If the wavelength, duration, bandwidth, mode spacing, and fm inputs are identical for the red1 and red2 waves, they are assumed to be from the same source and will have identical starting spectra. This allows modeling of type 1 doubling. For type 1 doubling all entries for red1 and red2 should be identical and half the power/energy should be in each.
Unless the 'frequency modulated' input is set to one, the broadband light is chaotic, meaning the distribution of field amplitudes among the various modes obeys Gaussian statistics and the phase distribution is random. Some OPO's generate light that is more frequency modulated than chaotic, so the input 'frequency modulated' allows this type of input light. Frequency modulated light has the specified bandwidth but the amplitude modulation is removed, leaving only frequency modulation.
Long pulses with broad bandwidths will require a large amount of computer memory and computation time. Often you can shorten the pulse duration without losing the important physics and in this way lessen the demands on your computer. Note that there is no input for nonlinear refractive index effects or for two-photon absorption. They can be added if there is sufficient interest.
Results are written to the file 'pw_mix_bb.dat' and may be viewed by clicking the 'View' button. The first column is time (in nanoseconds), followed by red1, red2, and blue on-axis irradiances (in watts per square meter). The last three columns are red1, red2, and blue phases (in radians).
Also written to the file 'pw_mix_bb_fluence.dat' are the red1, red2, and blue on-axis fluences as a function of z. This file is loaded and plotted when pressing the 'Fluence' button. The file consists of four columns: the first is z position (in meters), then red1, red2 and blue on-axis fluences (in joules per square meter).
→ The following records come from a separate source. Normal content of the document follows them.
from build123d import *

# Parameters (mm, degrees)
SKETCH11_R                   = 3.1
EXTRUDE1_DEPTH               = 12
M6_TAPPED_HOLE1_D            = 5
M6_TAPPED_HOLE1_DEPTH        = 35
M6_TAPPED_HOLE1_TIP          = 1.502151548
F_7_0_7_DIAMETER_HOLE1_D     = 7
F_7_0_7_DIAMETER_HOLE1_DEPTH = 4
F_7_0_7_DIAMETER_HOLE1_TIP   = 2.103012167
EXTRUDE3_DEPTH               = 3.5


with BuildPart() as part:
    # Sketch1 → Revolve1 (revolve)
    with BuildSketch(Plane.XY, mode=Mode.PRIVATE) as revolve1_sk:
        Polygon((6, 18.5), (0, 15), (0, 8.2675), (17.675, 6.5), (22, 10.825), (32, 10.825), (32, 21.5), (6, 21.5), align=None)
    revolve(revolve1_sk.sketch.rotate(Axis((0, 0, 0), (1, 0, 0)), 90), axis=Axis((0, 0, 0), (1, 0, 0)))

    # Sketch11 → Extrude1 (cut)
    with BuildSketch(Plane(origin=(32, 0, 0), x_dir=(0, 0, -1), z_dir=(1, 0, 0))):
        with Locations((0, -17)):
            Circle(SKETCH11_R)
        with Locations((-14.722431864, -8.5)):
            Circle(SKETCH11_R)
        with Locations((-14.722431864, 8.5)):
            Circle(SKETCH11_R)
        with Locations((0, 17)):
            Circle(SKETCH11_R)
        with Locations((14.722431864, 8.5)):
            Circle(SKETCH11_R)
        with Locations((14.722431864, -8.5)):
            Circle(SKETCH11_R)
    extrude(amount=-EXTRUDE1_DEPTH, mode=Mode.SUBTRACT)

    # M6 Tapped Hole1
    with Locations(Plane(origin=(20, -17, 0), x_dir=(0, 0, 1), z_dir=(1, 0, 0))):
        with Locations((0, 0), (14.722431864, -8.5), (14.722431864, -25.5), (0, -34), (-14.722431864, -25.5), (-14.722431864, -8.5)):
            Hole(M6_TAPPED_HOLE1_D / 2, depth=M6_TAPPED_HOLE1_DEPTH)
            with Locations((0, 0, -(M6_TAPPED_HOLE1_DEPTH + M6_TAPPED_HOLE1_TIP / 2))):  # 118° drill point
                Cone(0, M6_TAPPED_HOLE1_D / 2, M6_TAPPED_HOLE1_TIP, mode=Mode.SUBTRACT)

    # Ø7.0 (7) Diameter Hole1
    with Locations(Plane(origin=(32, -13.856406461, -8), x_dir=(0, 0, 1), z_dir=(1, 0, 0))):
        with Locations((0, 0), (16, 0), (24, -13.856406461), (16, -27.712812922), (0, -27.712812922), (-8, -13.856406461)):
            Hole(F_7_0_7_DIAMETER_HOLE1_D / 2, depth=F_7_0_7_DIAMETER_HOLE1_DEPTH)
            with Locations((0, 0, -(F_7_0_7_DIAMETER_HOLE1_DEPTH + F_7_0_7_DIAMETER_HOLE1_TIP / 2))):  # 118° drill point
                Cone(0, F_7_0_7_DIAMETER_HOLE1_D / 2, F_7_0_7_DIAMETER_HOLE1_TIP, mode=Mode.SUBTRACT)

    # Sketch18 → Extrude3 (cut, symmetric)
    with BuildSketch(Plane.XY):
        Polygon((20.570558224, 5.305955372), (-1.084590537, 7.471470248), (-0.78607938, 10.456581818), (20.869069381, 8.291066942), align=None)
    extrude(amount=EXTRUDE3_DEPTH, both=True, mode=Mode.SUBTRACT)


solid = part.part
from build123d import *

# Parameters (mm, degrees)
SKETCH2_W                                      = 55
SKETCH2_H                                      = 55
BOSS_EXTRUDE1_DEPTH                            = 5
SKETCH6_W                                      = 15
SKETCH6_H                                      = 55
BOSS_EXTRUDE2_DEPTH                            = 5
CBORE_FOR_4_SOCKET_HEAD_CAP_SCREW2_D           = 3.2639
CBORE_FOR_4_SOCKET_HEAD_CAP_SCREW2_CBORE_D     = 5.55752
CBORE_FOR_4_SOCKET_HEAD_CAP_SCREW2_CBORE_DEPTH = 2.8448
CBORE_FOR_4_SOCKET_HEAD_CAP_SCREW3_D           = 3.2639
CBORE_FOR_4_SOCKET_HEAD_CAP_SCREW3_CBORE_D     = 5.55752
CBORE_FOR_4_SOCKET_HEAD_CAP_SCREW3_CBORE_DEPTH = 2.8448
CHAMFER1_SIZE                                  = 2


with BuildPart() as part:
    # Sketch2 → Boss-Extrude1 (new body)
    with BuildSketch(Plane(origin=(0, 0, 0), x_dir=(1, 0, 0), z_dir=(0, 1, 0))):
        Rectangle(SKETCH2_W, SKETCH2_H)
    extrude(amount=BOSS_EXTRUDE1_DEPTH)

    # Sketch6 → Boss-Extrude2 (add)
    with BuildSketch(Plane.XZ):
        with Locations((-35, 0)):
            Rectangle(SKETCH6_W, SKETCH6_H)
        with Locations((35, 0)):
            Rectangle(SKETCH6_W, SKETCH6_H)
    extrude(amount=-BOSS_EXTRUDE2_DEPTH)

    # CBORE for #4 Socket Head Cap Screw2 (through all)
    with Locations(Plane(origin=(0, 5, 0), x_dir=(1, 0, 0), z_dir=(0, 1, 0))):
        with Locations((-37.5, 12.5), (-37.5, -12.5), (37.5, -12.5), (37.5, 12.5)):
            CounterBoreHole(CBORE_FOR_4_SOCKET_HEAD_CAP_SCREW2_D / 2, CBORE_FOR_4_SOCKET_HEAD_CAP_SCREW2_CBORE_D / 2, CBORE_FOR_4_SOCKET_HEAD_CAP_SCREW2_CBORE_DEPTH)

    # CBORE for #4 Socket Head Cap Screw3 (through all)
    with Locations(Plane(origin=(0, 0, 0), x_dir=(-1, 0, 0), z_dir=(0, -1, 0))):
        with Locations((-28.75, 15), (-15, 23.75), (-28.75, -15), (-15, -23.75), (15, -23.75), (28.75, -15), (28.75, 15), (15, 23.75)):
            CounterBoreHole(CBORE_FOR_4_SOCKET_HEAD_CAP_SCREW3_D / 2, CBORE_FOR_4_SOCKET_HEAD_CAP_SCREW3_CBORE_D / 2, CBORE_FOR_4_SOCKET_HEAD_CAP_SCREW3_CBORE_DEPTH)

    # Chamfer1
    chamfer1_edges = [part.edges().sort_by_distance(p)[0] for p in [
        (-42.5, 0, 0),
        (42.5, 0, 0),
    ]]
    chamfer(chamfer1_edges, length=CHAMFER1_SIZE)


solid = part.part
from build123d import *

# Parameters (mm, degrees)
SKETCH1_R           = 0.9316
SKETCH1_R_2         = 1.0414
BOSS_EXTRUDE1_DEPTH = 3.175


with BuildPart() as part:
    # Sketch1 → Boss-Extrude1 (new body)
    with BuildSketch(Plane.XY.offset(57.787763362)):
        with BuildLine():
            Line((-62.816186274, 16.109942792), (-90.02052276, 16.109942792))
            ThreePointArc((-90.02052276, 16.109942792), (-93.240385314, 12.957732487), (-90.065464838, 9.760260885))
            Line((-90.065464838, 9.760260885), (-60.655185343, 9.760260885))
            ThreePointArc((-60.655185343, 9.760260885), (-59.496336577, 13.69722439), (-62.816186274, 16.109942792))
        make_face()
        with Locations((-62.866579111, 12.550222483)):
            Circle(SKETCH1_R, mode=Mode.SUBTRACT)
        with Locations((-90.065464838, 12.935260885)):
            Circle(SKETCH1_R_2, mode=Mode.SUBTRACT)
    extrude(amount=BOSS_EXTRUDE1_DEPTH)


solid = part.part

The last used input set is saved in mix.mat so if you would like to save those settings for later recall, copy (do not simply rename) mix.mat to another file name to store. Copy the file back to mix.mat to restore.
If you are running mlSNLO under MATLAB (not the standalone compiled version), this function can be called from a MATLAB script to automate parametric studies. See the 'SNLO' help tab for details.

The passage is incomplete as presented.